» **TASK ITEM**: Repeat the listing word for word. No pictures belong in the copy.
====================
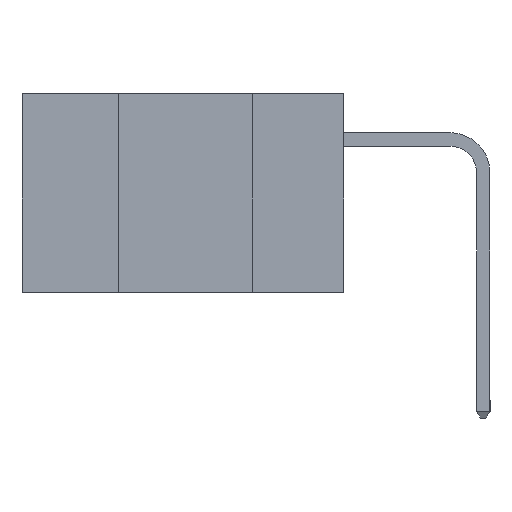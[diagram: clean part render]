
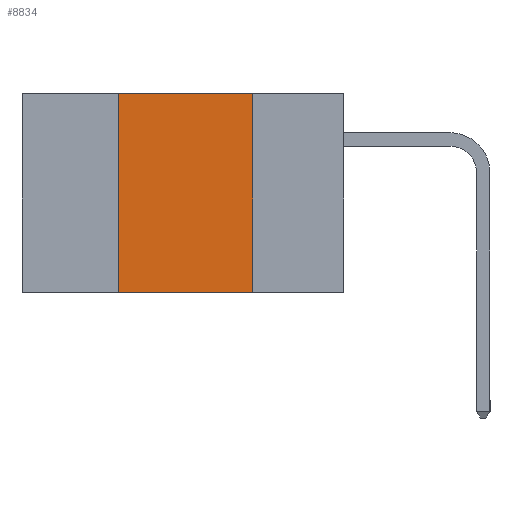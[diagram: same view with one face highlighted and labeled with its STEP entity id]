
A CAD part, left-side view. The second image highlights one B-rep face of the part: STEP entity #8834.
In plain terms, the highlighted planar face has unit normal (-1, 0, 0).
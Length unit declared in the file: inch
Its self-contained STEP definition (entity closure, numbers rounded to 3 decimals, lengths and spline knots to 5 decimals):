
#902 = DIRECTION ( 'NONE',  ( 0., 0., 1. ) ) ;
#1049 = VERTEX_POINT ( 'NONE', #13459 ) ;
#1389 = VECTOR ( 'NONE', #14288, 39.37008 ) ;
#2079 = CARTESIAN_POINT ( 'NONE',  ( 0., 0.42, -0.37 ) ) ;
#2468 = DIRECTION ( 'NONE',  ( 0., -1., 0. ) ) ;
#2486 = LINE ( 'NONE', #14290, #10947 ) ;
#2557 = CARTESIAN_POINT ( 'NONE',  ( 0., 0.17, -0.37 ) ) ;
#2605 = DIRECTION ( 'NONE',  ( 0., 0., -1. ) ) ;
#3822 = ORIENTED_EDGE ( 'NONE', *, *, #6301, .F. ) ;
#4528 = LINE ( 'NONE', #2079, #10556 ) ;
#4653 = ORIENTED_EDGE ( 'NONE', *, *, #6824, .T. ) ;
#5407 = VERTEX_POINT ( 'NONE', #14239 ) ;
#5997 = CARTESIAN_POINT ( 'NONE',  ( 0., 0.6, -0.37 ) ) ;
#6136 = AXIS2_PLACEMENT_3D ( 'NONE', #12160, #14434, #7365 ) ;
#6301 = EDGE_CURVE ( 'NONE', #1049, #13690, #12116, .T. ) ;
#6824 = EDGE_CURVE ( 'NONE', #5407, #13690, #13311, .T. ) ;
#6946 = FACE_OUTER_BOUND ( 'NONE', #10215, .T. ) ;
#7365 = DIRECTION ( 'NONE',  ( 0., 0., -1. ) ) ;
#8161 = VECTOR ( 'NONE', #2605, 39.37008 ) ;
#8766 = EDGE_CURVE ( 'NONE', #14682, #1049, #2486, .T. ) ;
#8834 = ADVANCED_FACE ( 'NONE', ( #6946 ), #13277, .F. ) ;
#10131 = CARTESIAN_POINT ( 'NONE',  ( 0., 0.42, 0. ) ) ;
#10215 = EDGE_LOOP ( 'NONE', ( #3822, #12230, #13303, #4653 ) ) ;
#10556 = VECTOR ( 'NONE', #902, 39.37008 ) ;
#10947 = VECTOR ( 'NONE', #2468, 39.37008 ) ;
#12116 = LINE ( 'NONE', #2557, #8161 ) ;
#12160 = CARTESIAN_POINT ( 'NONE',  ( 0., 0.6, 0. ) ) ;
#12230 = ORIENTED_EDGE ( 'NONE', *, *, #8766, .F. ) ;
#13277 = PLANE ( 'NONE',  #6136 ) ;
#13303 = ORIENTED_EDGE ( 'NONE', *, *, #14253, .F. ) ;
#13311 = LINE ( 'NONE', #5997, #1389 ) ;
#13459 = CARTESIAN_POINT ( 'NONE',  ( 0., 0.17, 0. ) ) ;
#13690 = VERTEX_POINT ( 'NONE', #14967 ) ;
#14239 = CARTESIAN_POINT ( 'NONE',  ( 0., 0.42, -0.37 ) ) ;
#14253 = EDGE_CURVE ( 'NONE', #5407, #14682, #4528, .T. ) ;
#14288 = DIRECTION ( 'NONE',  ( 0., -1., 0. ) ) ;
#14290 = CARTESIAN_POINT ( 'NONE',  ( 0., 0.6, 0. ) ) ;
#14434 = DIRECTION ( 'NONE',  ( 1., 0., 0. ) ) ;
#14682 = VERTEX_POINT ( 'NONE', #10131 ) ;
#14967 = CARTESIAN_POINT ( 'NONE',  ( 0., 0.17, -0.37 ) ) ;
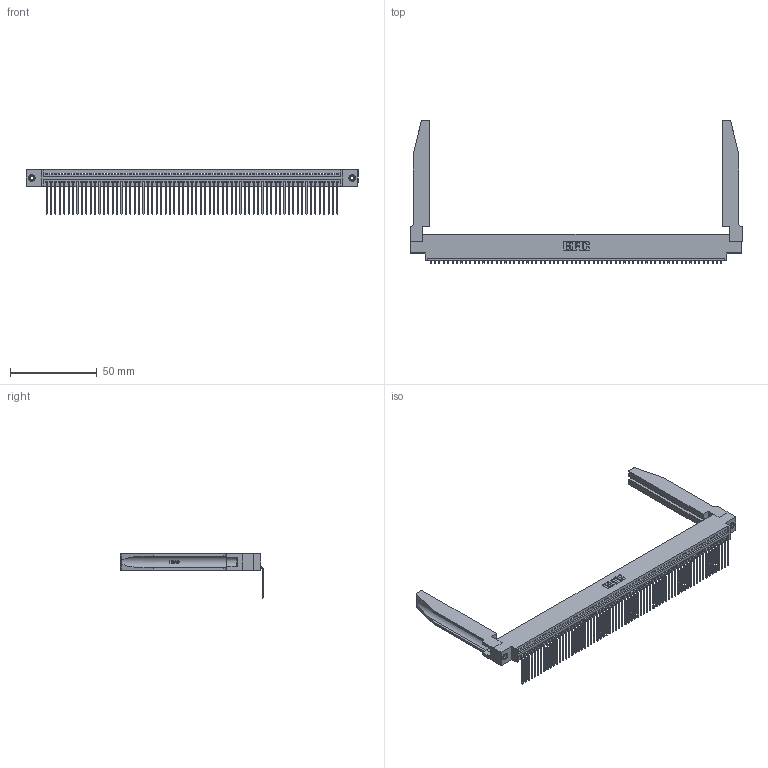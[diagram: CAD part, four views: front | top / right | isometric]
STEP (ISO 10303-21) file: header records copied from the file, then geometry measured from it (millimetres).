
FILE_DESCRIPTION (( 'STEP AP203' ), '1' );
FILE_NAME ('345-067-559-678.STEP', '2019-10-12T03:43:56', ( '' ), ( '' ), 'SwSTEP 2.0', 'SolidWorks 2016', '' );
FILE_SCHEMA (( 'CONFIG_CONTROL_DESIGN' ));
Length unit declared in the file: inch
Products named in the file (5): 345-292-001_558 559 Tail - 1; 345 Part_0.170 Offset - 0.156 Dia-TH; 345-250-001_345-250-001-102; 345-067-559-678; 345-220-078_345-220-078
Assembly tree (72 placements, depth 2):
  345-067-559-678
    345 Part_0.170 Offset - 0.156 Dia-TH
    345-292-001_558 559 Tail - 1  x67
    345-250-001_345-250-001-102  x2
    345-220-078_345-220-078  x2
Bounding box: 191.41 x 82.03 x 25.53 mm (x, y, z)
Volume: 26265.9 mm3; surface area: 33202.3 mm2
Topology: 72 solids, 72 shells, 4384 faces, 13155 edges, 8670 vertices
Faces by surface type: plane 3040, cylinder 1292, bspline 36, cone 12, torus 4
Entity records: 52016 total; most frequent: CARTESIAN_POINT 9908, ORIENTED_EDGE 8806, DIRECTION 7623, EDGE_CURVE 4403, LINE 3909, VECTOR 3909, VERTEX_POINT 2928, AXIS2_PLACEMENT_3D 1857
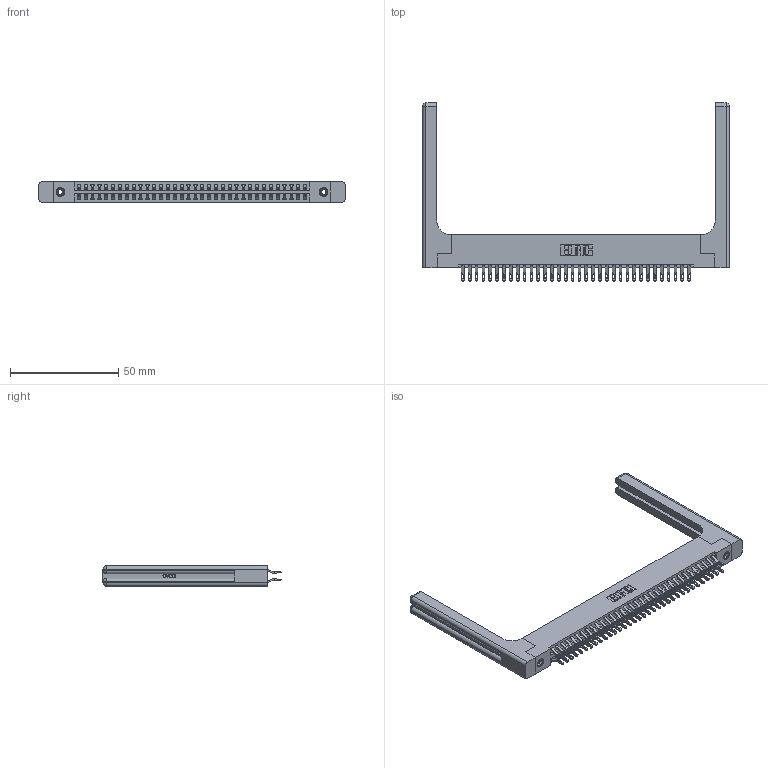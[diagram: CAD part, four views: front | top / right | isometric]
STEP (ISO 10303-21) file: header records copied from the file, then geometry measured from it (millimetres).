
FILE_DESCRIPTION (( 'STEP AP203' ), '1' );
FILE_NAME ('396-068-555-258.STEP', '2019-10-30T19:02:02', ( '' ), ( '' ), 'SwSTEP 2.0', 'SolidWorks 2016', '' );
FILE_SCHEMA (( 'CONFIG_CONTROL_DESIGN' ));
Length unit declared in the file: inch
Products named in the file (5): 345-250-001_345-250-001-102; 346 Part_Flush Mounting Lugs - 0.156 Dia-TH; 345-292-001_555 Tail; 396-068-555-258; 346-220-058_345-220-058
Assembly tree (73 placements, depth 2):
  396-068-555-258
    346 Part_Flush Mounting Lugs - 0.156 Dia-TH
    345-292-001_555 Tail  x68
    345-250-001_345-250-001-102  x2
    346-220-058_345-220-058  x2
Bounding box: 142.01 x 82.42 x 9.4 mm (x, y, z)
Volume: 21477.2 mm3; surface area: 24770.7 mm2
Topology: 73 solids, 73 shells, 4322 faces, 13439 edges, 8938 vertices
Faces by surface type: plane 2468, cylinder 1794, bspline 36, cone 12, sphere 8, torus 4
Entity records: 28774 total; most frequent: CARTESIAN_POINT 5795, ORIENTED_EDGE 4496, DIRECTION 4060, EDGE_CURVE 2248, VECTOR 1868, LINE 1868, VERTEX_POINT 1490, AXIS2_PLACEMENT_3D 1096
====================
» **REPLY TO THE TASK**:
[diagram: clean part render]
[diagram: same view with one face highlighted and labeled with its STEP entity id]
A CAD part, left-side view. The second image highlights one B-rep face of the part: STEP entity #8834.
In plain terms, the highlighted planar face has unit normal (-1, 0, 0).
Length unit declared in the file: inch
Its self-contained STEP definition (entity closure, numbers rounded to 3 decimals, lengths and spline knots to 5 decimals):
#902 = DIRECTION ( 'NONE',  ( 0., 0., 1. ) ) ;
#1049 = VERTEX_POINT ( 'NONE', #13459 ) ;
#1389 = VECTOR ( 'NONE', #14288, 39.37008 ) ;
#2079 = CARTESIAN_POINT ( 'NONE',  ( 0., 0.42, -0.37 ) ) ;
#2468 = DIRECTION ( 'NONE',  ( 0., -1., 0. ) ) ;
#2486 = LINE ( 'NONE', #14290, #10947 ) ;
#2557 = CARTESIAN_POINT ( 'NONE',  ( 0., 0.17, -0.37 ) ) ;
#2605 = DIRECTION ( 'NONE',  ( 0., 0., -1. ) ) ;
#3822 = ORIENTED_EDGE ( 'NONE', *, *, #6301, .F. ) ;
#4528 = LINE ( 'NONE', #2079, #10556 ) ;
#4653 = ORIENTED_EDGE ( 'NONE', *, *, #6824, .T. ) ;
#5407 = VERTEX_POINT ( 'NONE', #14239 ) ;
#5997 = CARTESIAN_POINT ( 'NONE',  ( 0., 0.6, -0.37 ) ) ;
#6136 = AXIS2_PLACEMENT_3D ( 'NONE', #12160, #14434, #7365 ) ;
#6301 = EDGE_CURVE ( 'NONE', #1049, #13690, #12116, .T. ) ;
#6824 = EDGE_CURVE ( 'NONE', #5407, #13690, #13311, .T. ) ;
#6946 = FACE_OUTER_BOUND ( 'NONE', #10215, .T. ) ;
#7365 = DIRECTION ( 'NONE',  ( 0., 0., -1. ) ) ;
#8161 = VECTOR ( 'NONE', #2605, 39.37008 ) ;
#8766 = EDGE_CURVE ( 'NONE', #14682, #1049, #2486, .T. ) ;
#8834 = ADVANCED_FACE ( 'NONE', ( #6946 ), #13277, .F. ) ;
#10131 = CARTESIAN_POINT ( 'NONE',  ( 0., 0.42, 0. ) ) ;
#10215 = EDGE_LOOP ( 'NONE', ( #3822, #12230, #13303, #4653 ) ) ;
#10556 = VECTOR ( 'NONE', #902, 39.37008 ) ;
#10947 = VECTOR ( 'NONE', #2468, 39.37008 ) ;
#12116 = LINE ( 'NONE', #2557, #8161 ) ;
#12160 = CARTESIAN_POINT ( 'NONE',  ( 0., 0.6, 0. ) ) ;
#12230 = ORIENTED_EDGE ( 'NONE', *, *, #8766, .F. ) ;
#13277 = PLANE ( 'NONE',  #6136 ) ;
#13303 = ORIENTED_EDGE ( 'NONE', *, *, #14253, .F. ) ;
#13311 = LINE ( 'NONE', #5997, #1389 ) ;
#13459 = CARTESIAN_POINT ( 'NONE',  ( 0., 0.17, 0. ) ) ;
#13690 = VERTEX_POINT ( 'NONE', #14967 ) ;
#14239 = CARTESIAN_POINT ( 'NONE',  ( 0., 0.42, -0.37 ) ) ;
#14253 = EDGE_CURVE ( 'NONE', #5407, #14682, #4528, .T. ) ;
#14288 = DIRECTION ( 'NONE',  ( 0., -1., 0. ) ) ;
#14290 = CARTESIAN_POINT ( 'NONE',  ( 0., 0.6, 0. ) ) ;
#14434 = DIRECTION ( 'NONE',  ( 1., 0., 0. ) ) ;
#14682 = VERTEX_POINT ( 'NONE', #10131 ) ;
#14967 = CARTESIAN_POINT ( 'NONE',  ( 0., 0.17, -0.37 ) ) ;
[diagram: CAD part, four views: front | top / right | isometric]
STEP (ISO 10303-21) file: header records copied from the file, then geometry measured from it (millimetres).
FILE_DESCRIPTION (( 'STEP AP203' ), '1' );
FILE_NAME ('345-067-559-678.STEP', '2019-10-12T03:43:56', ( '' ), ( '' ), 'SwSTEP 2.0', 'SolidWorks 2016', '' );
FILE_SCHEMA (( 'CONFIG_CONTROL_DESIGN' ));
Length unit declared in the file: inch
Products named in the file (5): 345-292-001_558 559 Tail - 1; 345 Part_0.170 Offset - 0.156 Dia-TH; 345-250-001_345-250-001-102; 345-067-559-678; 345-220-078_345-220-078
Assembly tree (72 placements, depth 2):
  345-067-559-678
    345 Part_0.170 Offset - 0.156 Dia-TH
    345-292-001_558 559 Tail - 1  x67
    345-250-001_345-250-001-102  x2
    345-220-078_345-220-078  x2
Bounding box: 191.41 x 82.03 x 25.53 mm (x, y, z)
Volume: 26265.9 mm3; surface area: 33202.3 mm2
Topology: 72 solids, 72 shells, 4384 faces, 13155 edges, 8670 vertices
Faces by surface type: plane 3040, cylinder 1292, bspline 36, cone 12, torus 4
Entity records: 52016 total; most frequent: CARTESIAN_POINT 9908, ORIENTED_EDGE 8806, DIRECTION 7623, EDGE_CURVE 4403, LINE 3909, VECTOR 3909, VERTEX_POINT 2928, AXIS2_PLACEMENT_3D 1857
[diagram: CAD part, four views: front | top / right | isometric]
STEP (ISO 10303-21) file: header records copied from the file, then geometry measured from it (millimetres).
FILE_DESCRIPTION (( 'STEP AP203' ), '1' );
FILE_NAME ('396-068-555-258.STEP', '2019-10-30T19:02:02', ( '' ), ( '' ), 'SwSTEP 2.0', 'SolidWorks 2016', '' );
FILE_SCHEMA (( 'CONFIG_CONTROL_DESIGN' ));
Length unit declared in the file: inch
Products named in the file (5): 345-250-001_345-250-001-102; 346 Part_Flush Mounting Lugs - 0.156 Dia-TH; 345-292-001_555 Tail; 396-068-555-258; 346-220-058_345-220-058
Assembly tree (73 placements, depth 2):
  396-068-555-258
    346 Part_Flush Mounting Lugs - 0.156 Dia-TH
    345-292-001_555 Tail  x68
    345-250-001_345-250-001-102  x2
    346-220-058_345-220-058  x2
Bounding box: 142.01 x 82.42 x 9.4 mm (x, y, z)
Volume: 21477.2 mm3; surface area: 24770.7 mm2
Topology: 73 solids, 73 shells, 4322 faces, 13439 edges, 8938 vertices
Faces by surface type: plane 2468, cylinder 1794, bspline 36, cone 12, sphere 8, torus 4
Entity records: 28774 total; most frequent: CARTESIAN_POINT 5795, ORIENTED_EDGE 4496, DIRECTION 4060, EDGE_CURVE 2248, VECTOR 1868, LINE 1868, VERTEX_POINT 1490, AXIS2_PLACEMENT_3D 1096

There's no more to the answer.